**TASK DETAILS**
Your copy should match the listing word for word, apart from the pictures, which are left out.

**DATASET EXTRACT**
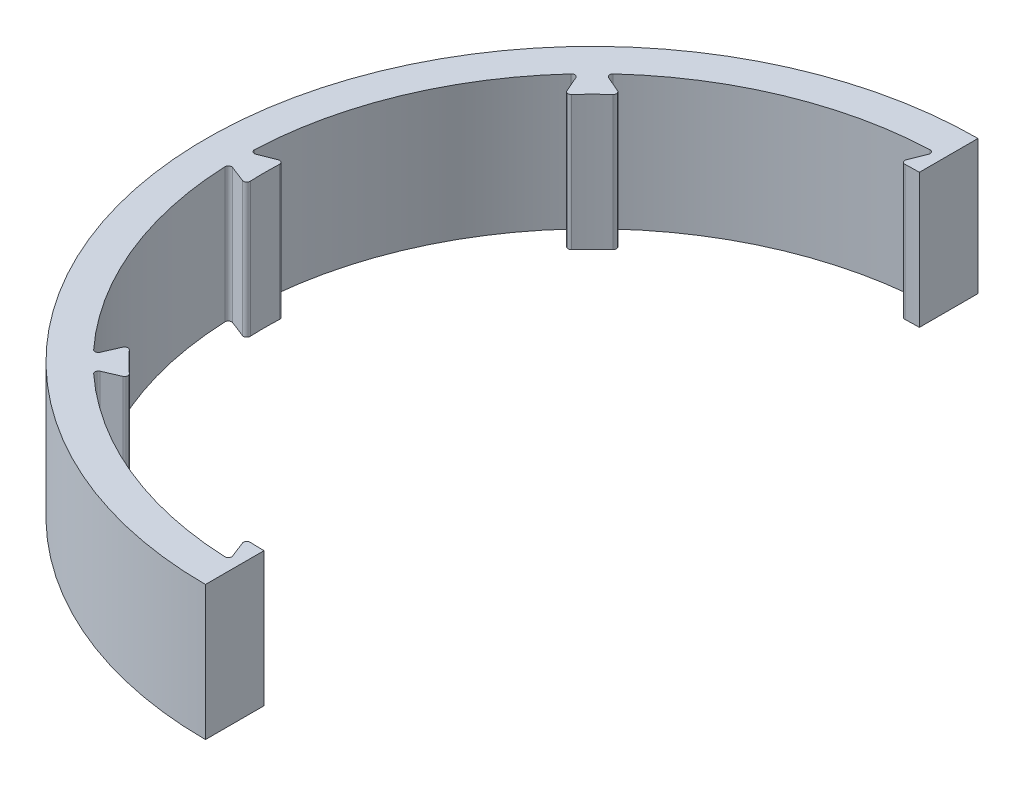
SolidWorks part; units mm, degrees
ref_plane "Front Plane" through (0, 0, 0) normal (0, 0, 1) x (1, 0, 0)
ref_plane "Top Plane" through (0, 0, 0) normal (0, 1, 0) x (1, 0, 0)
ref_plane "Right Plane" through (0, 0, 0) normal (1, 0, 0) x (0, 0, -1)
sketch "Sketch1" plane through (0, 0, 0) normal (0, 1, 0) x (1, 0, 0)
  circle A0 centre (0, 0) radius 115
  circle A1 centre (0, 0) radius 105.05
  dimension "D1" = 230
  dimension "D2" = 210.1
extrude "Boss-Extrude1" add sketch "Sketch1" along normal blind 40
sketch "Sketch2" plane through (0, 40, 0) normal (0, 1, 0) x (1, 0, 0)
  line L0 (-3, 105.0072) -> (-6, 97.3653)
  line L1 (3, 105.0072) -> (6, 97.3653)
  line L2 (2.8914, 105.0102) -> (5.8899, 97.372)
  line L3 (-2.8914, 105.0102) -> (-5.8899, 97.372)
  circle A0 centre (0, 0) radius 105.05
  circle A3 centre (0, 0) radius 105.05 construction
  circle A4 centre (0, 0) radius 97.55
  circle M8 centre (0, 0) radius 105.05
  dimension "D1" = 195.1
  dimension "D3" = 3
  dimension "D4" = 3
  dimension "D5" = 3
  dimension "D2" = 3
  dimension "D6" = 0.1
  dimension "D7" = 0.1
extrude "Boss-Extrude2" add sketch "Sketch2" against normal through all contours A4 L1 L0 M8
fillet "Fillet2" radius 1 4 edges at (-2.8914, 20, -105.0102) (-5.8899, 20, -97.372) (5.8899, 20, -97.372) (2.8914, 20, -105.0102)
pattern_circular "CirPattern2" count 8 over 360 about axis through (0, 0, 0) along (0, 1, 0) of "Fillet2", "Boss-Extrude2"
sketch "Sketch3" plane through (0, 40, 0) normal (0, 1, 0) x (1, 0, 0)
  line L1 (-0.05, -119.9497) -> (-0.15, -119.9497)
  line L2 (-0.15, -117.3494) -> (-0.15, 117.3494)
  circle A0 centre (-0.15, 0) radius 117.3494
  point P8 (0, 0)
  dimension "D1" = 0.15
extrude "Cut-Extrude2" cut sketch "Sketch3" against normal through all contours L2 A0
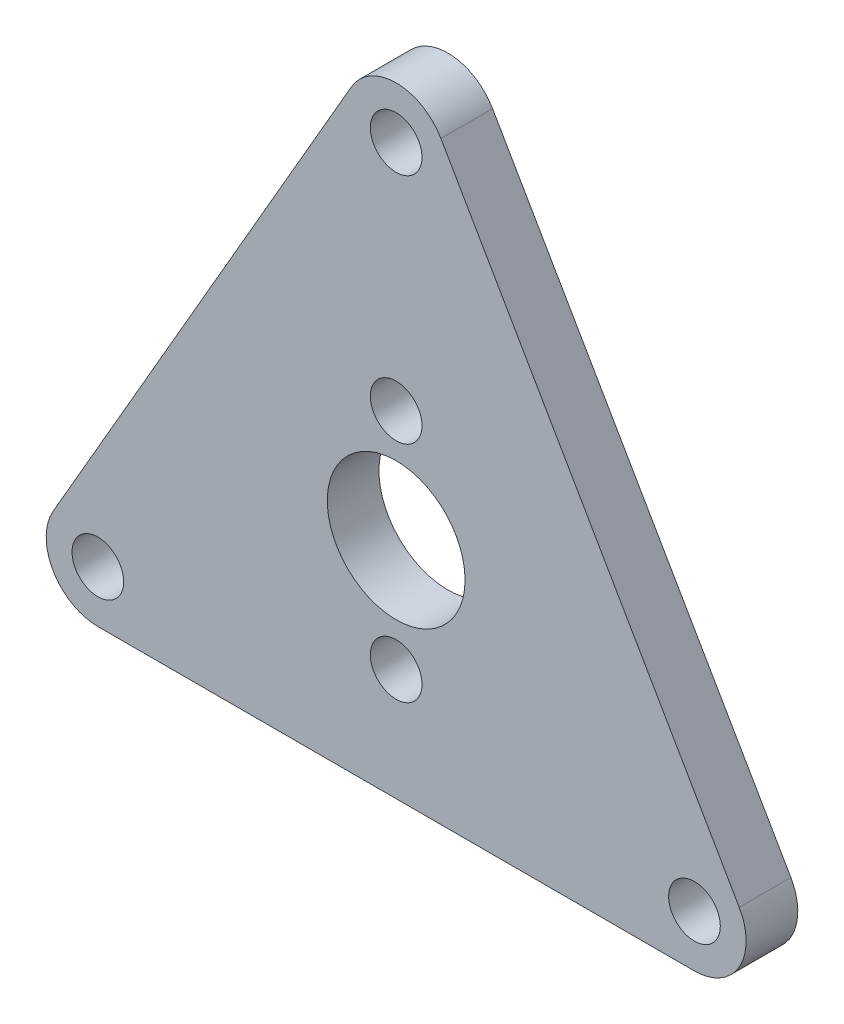
SolidWorks part; units mm, degrees
material "Thornel Mat VMA"
ref_plane "前视基准面" through (0, 0, 0) normal (0, 0, 1) x (1, 0, 0)
ref_plane "上视基准面" through (0, 0, 0) normal (0, 1, 0) x (1, 0, 0)
ref_plane "右视基准面" through (0, 0, 0) normal (1, 0, 0) x (0, 0, -1)
sketch "草图1" plane through (0, 0, 0) normal (0, 0, 1) x (1, 0, 0)
  line L0 (0, 20) -> (-17.3205, -10) construction
  line L1 (-17.3205, -10) -> (17.3205, -10) construction
  line L2 (17.3205, -10) -> (0, 20) construction
  line L3 (-2.5981, 21.5) -> (-19.9186, -8.5)
  line L4 (-17.3205, -13) -> (17.3205, -13)
  line L5 (19.9186, -8.5) -> (2.5981, 21.5)
  circle A0 centre (0, 0) radius 20 construction
  circle A1 centre (-17.3205, -10) radius 1.5
  circle A2 centre (0, 20) radius 1.5
  circle A3 centre (17.3205, -10) radius 1.5
  circle A4 centre (0, 0) radius 4
  circle A5 centre (0, 0) radius 6.5 construction
  circle A6 centre (0, 6.5) radius 1.5
  circle A7 centre (0, -6.5) radius 1.5
  circle A8 centre (0, 0) radius 26 construction
  arc A9 (-19.9186, -8.5) -> (-17.3205, -13) centre (-17.3205, -10) ccw
  arc A10 (17.3205, -13) -> (19.9186, -8.5) centre (17.3205, -10) ccw
  arc A11 (-2.5981, 21.5) -> (2.5981, 21.5) centre (0, 20) cw
  point P23 (-22.5167, -13)
  point P26 (22.5167, -13)
  point P29 (0, 26)
  dimension "D1" = 40
  dimension "D2" = 3
  dimension "D3" = 8
  dimension "D4" = 13
  dimension "D5" = 3
  dimension "D6" = 3
  dimension "D7" = 3
extrude "凸台-拉伸1" add sketch "草图1" along normal blind 3
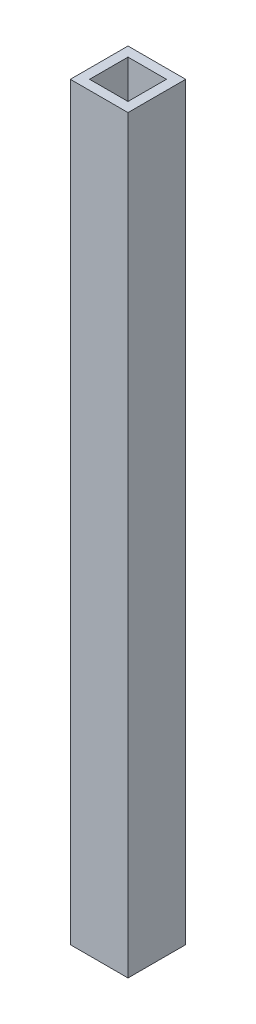
SolidWorks part; units mm, degrees
ref_plane "Front" through (0, 0, 0) normal (0, 0, 1) x (1, 0, 0)
ref_plane "Top" through (0, 0, 0) normal (0, 1, 0) x (1, 0, 0)
ref_plane "Right" through (0, 0, 0) normal (1, 0, 0) x (0, 0, -1)
sketch "Sketch1" plane through (0, 0, 0) normal (0, 1, 0) x (1, 0, 0)
  line L1 (0, 0) -> (30, 0)
  line L2 (0, 0) -> (0, 30)
  line L3 (0, 30) -> (30, 30)
  line L4 (30, 0) -> (30, 30)
  line L5 (5, 25) -> (25, 25)
  line L6 (5, 25) -> (5, 5)
  line L7 (5, 5) -> (25, 5)
  line L8 (25, 25) -> (25, 5)
  dimension "D1" = 30
  dimension "D2" = 30
  dimension "D3" = 5
  dimension "D4" = 5
  dimension "D5" = 5
  dimension "D6" = 5
extrude "Boss-Extrude1" add sketch "Sketch1" along normal blind 390

**ANSWER TO THIS TASK**
SolidWorks part; units mm, degrees
ref_plane "Front Plane" through (0, 0, 0) normal (0, 0, 1) x (1, 0, 0)
ref_plane "Top Plane" through (0, 0, 0) normal (0, 1, 0) x (1, 0, 0)
ref_plane "Right Plane" through (0, 0, 0) normal (1, 0, 0) x (0, 0, -1)
sketch "Sketch1" plane through (0, 0, 0) normal (0, 1, 0) x (1, 0, 0)
  circle A0 centre (0, 0) radius 115
  circle A1 centre (0, 0) radius 105.05
  dimension "D1" = 230
  dimension "D2" = 210.1
extrude "Boss-Extrude1" add sketch "Sketch1" along normal blind 40
sketch "Sketch2" plane through (0, 40, 0) normal (0, 1, 0) x (1, 0, 0)
  line L0 (-3, 105.0072) -> (-6, 97.3653)
  line L1 (3, 105.0072) -> (6, 97.3653)
  line L2 (2.8914, 105.0102) -> (5.8899, 97.372)
  line L3 (-2.8914, 105.0102) -> (-5.8899, 97.372)
  circle A0 centre (0, 0) radius 105.05
  circle A3 centre (0, 0) radius 105.05 construction
  circle A4 centre (0, 0) radius 97.55
  circle M8 centre (0, 0) radius 105.05
  dimension "D1" = 195.1
  dimension "D3" = 3
  dimension "D4" = 3
  dimension "D5" = 3
  dimension "D2" = 3
  dimension "D6" = 0.1
  dimension "D7" = 0.1
extrude "Boss-Extrude2" add sketch "Sketch2" against normal through all contours A4 L1 L0 M8
fillet "Fillet2" radius 1 4 edges at (-2.8914, 20, -105.0102) (-5.8899, 20, -97.372) (5.8899, 20, -97.372) (2.8914, 20, -105.0102)
pattern_circular "CirPattern2" count 8 over 360 about axis through (0, 0, 0) along (0, 1, 0) of "Fillet2", "Boss-Extrude2"
sketch "Sketch3" plane through (0, 40, 0) normal (0, 1, 0) x (1, 0, 0)
  line L1 (-0.05, -119.9497) -> (-0.15, -119.9497)
  line L2 (-0.15, -117.3494) -> (-0.15, 117.3494)
  circle A0 centre (-0.15, 0) radius 117.3494
  point P8 (0, 0)
  dimension "D1" = 0.15
extrude "Cut-Extrude2" cut sketch "Sketch3" against normal through all contours L2 A0
SolidWorks part; units mm, degrees
material "Thornel Mat VMA"
ref_plane "前视基准面" through (0, 0, 0) normal (0, 0, 1) x (1, 0, 0)
ref_plane "上视基准面" through (0, 0, 0) normal (0, 1, 0) x (1, 0, 0)
ref_plane "右视基准面" through (0, 0, 0) normal (1, 0, 0) x (0, 0, -1)
sketch "草图1" plane through (0, 0, 0) normal (0, 0, 1) x (1, 0, 0)
  line L0 (0, 20) -> (-17.3205, -10) construction
  line L1 (-17.3205, -10) -> (17.3205, -10) construction
  line L2 (17.3205, -10) -> (0, 20) construction
  line L3 (-2.5981, 21.5) -> (-19.9186, -8.5)
  line L4 (-17.3205, -13) -> (17.3205, -13)
  line L5 (19.9186, -8.5) -> (2.5981, 21.5)
  circle A0 centre (0, 0) radius 20 construction
  circle A1 centre (-17.3205, -10) radius 1.5
  circle A2 centre (0, 20) radius 1.5
  circle A3 centre (17.3205, -10) radius 1.5
  circle A4 centre (0, 0) radius 4
  circle A5 centre (0, 0) radius 6.5 construction
  circle A6 centre (0, 6.5) radius 1.5
  circle A7 centre (0, -6.5) radius 1.5
  circle A8 centre (0, 0) radius 26 construction
  arc A9 (-19.9186, -8.5) -> (-17.3205, -13) centre (-17.3205, -10) ccw
  arc A10 (17.3205, -13) -> (19.9186, -8.5) centre (17.3205, -10) ccw
  arc A11 (-2.5981, 21.5) -> (2.5981, 21.5) centre (0, 20) cw
  point P23 (-22.5167, -13)
  point P26 (22.5167, -13)
  point P29 (0, 26)
  dimension "D1" = 40
  dimension "D2" = 3
  dimension "D3" = 8
  dimension "D4" = 13
  dimension "D5" = 3
  dimension "D6" = 3
  dimension "D7" = 3
extrude "凸台-拉伸1" add sketch "草图1" along normal blind 3
SolidWorks part; units mm, degrees
ref_plane "Front" through (0, 0, 0) normal (0, 0, 1) x (1, 0, 0)
ref_plane "Top" through (0, 0, 0) normal (0, 1, 0) x (1, 0, 0)
ref_plane "Right" through (0, 0, 0) normal (1, 0, 0) x (0, 0, -1)
sketch "Sketch1" plane through (0, 0, 0) normal (0, 1, 0) x (1, 0, 0)
  line L1 (0, 0) -> (30, 0)
  line L2 (0, 0) -> (0, 30)
  line L3 (0, 30) -> (30, 30)
  line L4 (30, 0) -> (30, 30)
  line L5 (5, 25) -> (25, 25)
  line L6 (5, 25) -> (5, 5)
  line L7 (5, 5) -> (25, 5)
  line L8 (25, 25) -> (25, 5)
  dimension "D1" = 30
  dimension "D2" = 30
  dimension "D3" = 5
  dimension "D4" = 5
  dimension "D5" = 5
  dimension "D6" = 5
extrude "Boss-Extrude1" add sketch "Sketch1" along normal blind 390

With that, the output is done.